The fields gave way to woods north and south of the road. I passed a small parking lot where hunters could park. I followed the steep grade down to the Sandy Ford Bridge, a metal truss bridge over the Vermilion River. I had heard about the steep sandstone banks, and I caught a glimpse of them. I went back to the parking lot and noticed an aggressive sign. The nature area was closed indefinitely. I noticed a rabbit ignoring the sign and I followed the hare through the gates. I walked into the woods, but was deterred by the muddy trails. I had already scrubbed my shoes with a brush twice this week, so I decided to save the trail down to the river until drier weather.
The maps showed the village of Lenore awaiting a few miles west. The town sign proudly announced the presence of one hundred and fifty souls. The bar doubled as a convenience store, so it was open. One couple had bought cold beers from the store and were sitting at a table at a shelter across the street, enjoying a sip together. I doubted that any officer from the Sheriff’s department would bother them, even though the shelter had to be shut down still.

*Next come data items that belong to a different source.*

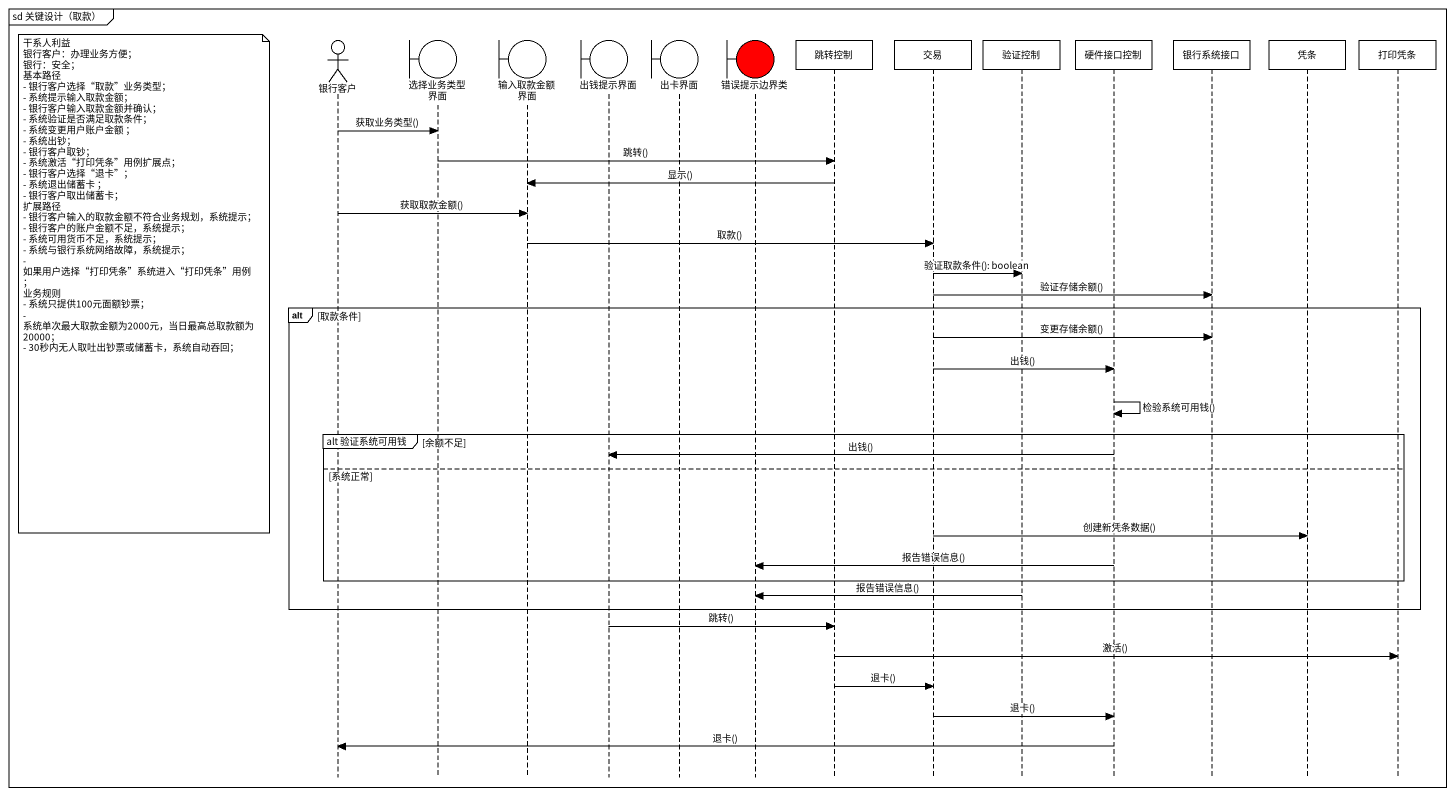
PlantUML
@startuml
mainframe sd 关键设计（取款）
hide footbox
actor 银行客户
boundary "选择业务类型 界面" as 选择业务类型_界面
boundary "输入取款金额 界面" as 输入取款金额_界面
boundary 出钱提示界面
boundary 出卡界面
boundary 错误提示边界类 #FF0000
participant 跳转控制
participant 交易
participant 验证控制
participant 硬件接口控制
participant 银行系统接口
participant 凭条
participant 打印凭条

银行客户 -> 选择业务类型_界面 : 获取业务类型()
选择业务类型_界面 -> 跳转控制 : 跳转()
跳转控制 -> 输入取款金额_界面 : 显示()
银行客户 -> 输入取款金额_界面 : 获取取款金额()
输入取款金额_界面 -> 交易 : 取款()
交易 -> 验证控制 : 验证取款条件(): boolean
note left of 银行客户
  干系人利益
  银行客户：办理业务方便；
  银行：安全；
  基本路径
  - 银行客户选择“取款”业务类型；
  - 系统提示输入取款金额；
  - 银行客户输入取款金额并确认；
  - 系统验证是否满足取款条件；
  - 系统变更用户账户金额 ；
  - 系统出钞；
  - 银行客户取钞；
  - 系统激活“打印凭条”用例扩展点；
  - 银行客户选择“退卡”；
  - 系统退出储蓄卡 ；
  - 银行客户取出储蓄卡；
  扩展路径
  - 银行客户输入的取款金额不符合业务规划，系统提示；
  - 银行客户的账户金额不足，系统提示；
  - 系统可用货币不足，系统提示；
  - 系统与银行系统网络故障，系统提示；
  - 如果用户选择“打印凭条”系统进入“打印凭条”用例；
  业务规则
  - 系统只提供100元面额钞票；
  - 系统单次最大取款金额为2000元，当日最高总取款额为20000；
  - 30秒内无人取吐出钞票或储蓄卡，系统自动吞回；
end note
交易 -> 银行系统接口 : 验证存储余额()
alt 取款条件
  交易 -> 银行系统接口 : 变更存储余额()
  交易 -> 硬件接口控制 : 出钱()
  硬件接口控制 -> 硬件接口控制 : 检验系统可用钱()
  group alt 验证系统可用钱 [余额不足]
    硬件接口控制 -> 出钱提示界面 : 出钱()
  else 系统正常
    交易 -> 凭条 : 创建新凭条数据()
    硬件接口控制 -> 错误提示边界类 : 报告错误信息()
  end
  验证控制 -> 错误提示边界类 : 报告错误信息()
end
出钱提示界面 -> 跳转控制 : 跳转()
跳转控制 -> 打印凭条 : 激活()
跳转控制 -> 交易 : 退卡()
交易 -> 硬件接口控制 : 退卡()
硬件接口控制 -> 银行客户 : 退卡()
@enduml
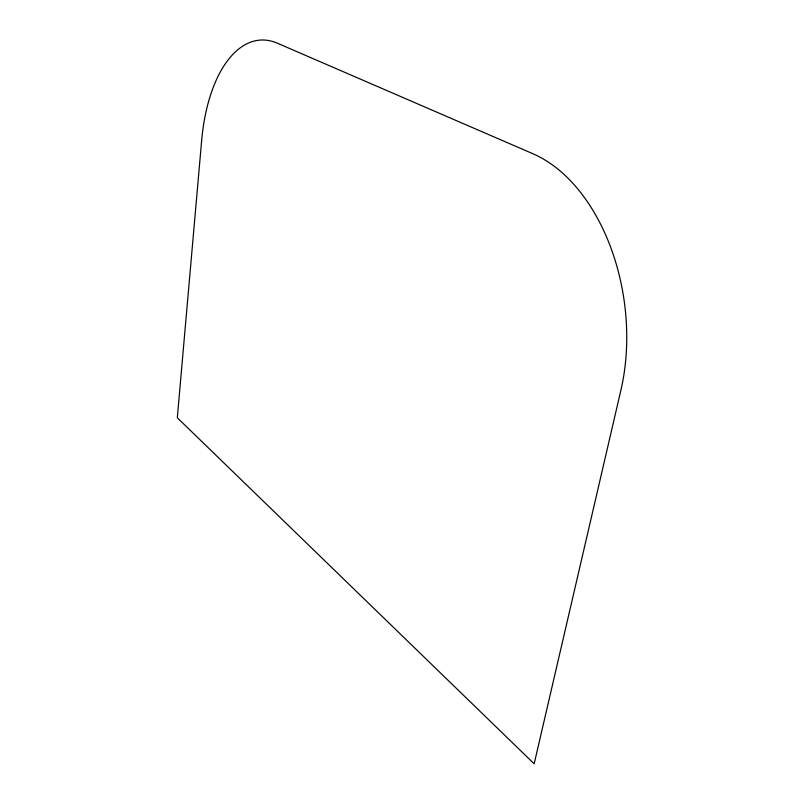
<?xml version="1.0" encoding="UTF-8"?>
<svg xmlns="http://www.w3.org/2000/svg" width="804" height="804" viewBox="0 0 804 804"><rect width="100%" height="100%" fill="white"/><g stroke="black" fill="none" stroke-linecap="round" stroke-linejoin="round"><path stroke-width="1.21" d="M201.633 140.75L177.312 417.778L534.168 763.8L620.899 390.201A171.634 111.585 82.4 0 0 532.951 153.755L277.37 43.205A135.303 67.586 86.6 0 0 201.633 140.75"/></g></svg>

I tooled around the small village, noting the silo complex owned by the Ruff Brothers and the proud building that served the volunteer fire department. An empty playground awaited children. The playground even offered a climbing wall on the edge of the rolling prairie. I made my way to the main road and headed south.
I saw the spire of Saint Peter and Saint Paul in the distance. I wondered if the church was mothballed, owned by private citizens or still alive as a parish. I noticed a cemetery adjacent to the brick cathedral and the stout Catholic school building.
The emptiness of these country churches have fascinated me for a long time, a feeling doubled now that the pandemic has closed the doors for the duration. I enjoyed the company of the dead, their tombstones better than nametags at a Chamber of Commerce mixer. I noticed the names of Knecht and Arenz, so I surmised that this parish served farm families with their roots in Germany.
I fielded an email from a friend in California who had returned, ironically, from a visit to the national cemetery at Fort Rosecrans. Her husband and she had paid a visit to the San Diego cemetery overlooking the Pacific Ocean for Memorial Day for many years. She brought her camera and took a beautiful roll of images.
She reported, feeling shock. Over one hundred thousand tombs awaited American Flags that couldn’t be posted because of the pandemic. She sent me three photographs of the rows on rows of tombstones, not even a flag posted by the Juan Cabrillo Monument. I never post these because she has collectors who would be offended.
I wrote her back, always being prompt in my correspondence. Ironically, I'm taking videos of religious statuary in St Peter and Paul Cemetery, south of Lenore, Illinois. All of the veterans have flags erected in metal holders. Many served during World War Two.
Happy to see you working that camera as only you can.
I'm unsure if a life can be lived on the quiet prairie. The prairie wind makes me forget that fact. The day reached eighty degrees and the prairie wind has kept me cool. No wonder we have wind farms on the eastern side of town."
I remembered my stop at the Streator Depot. I wondered if the World War Two veteran at eternal repose under an American flag waving in the prairie breeze had enjoyed a sandwich, a cup of Joe and a laugh at the canteen? I wondered if the partner who rested beside the soldier served the warrior on the way to the front a cup of coffee?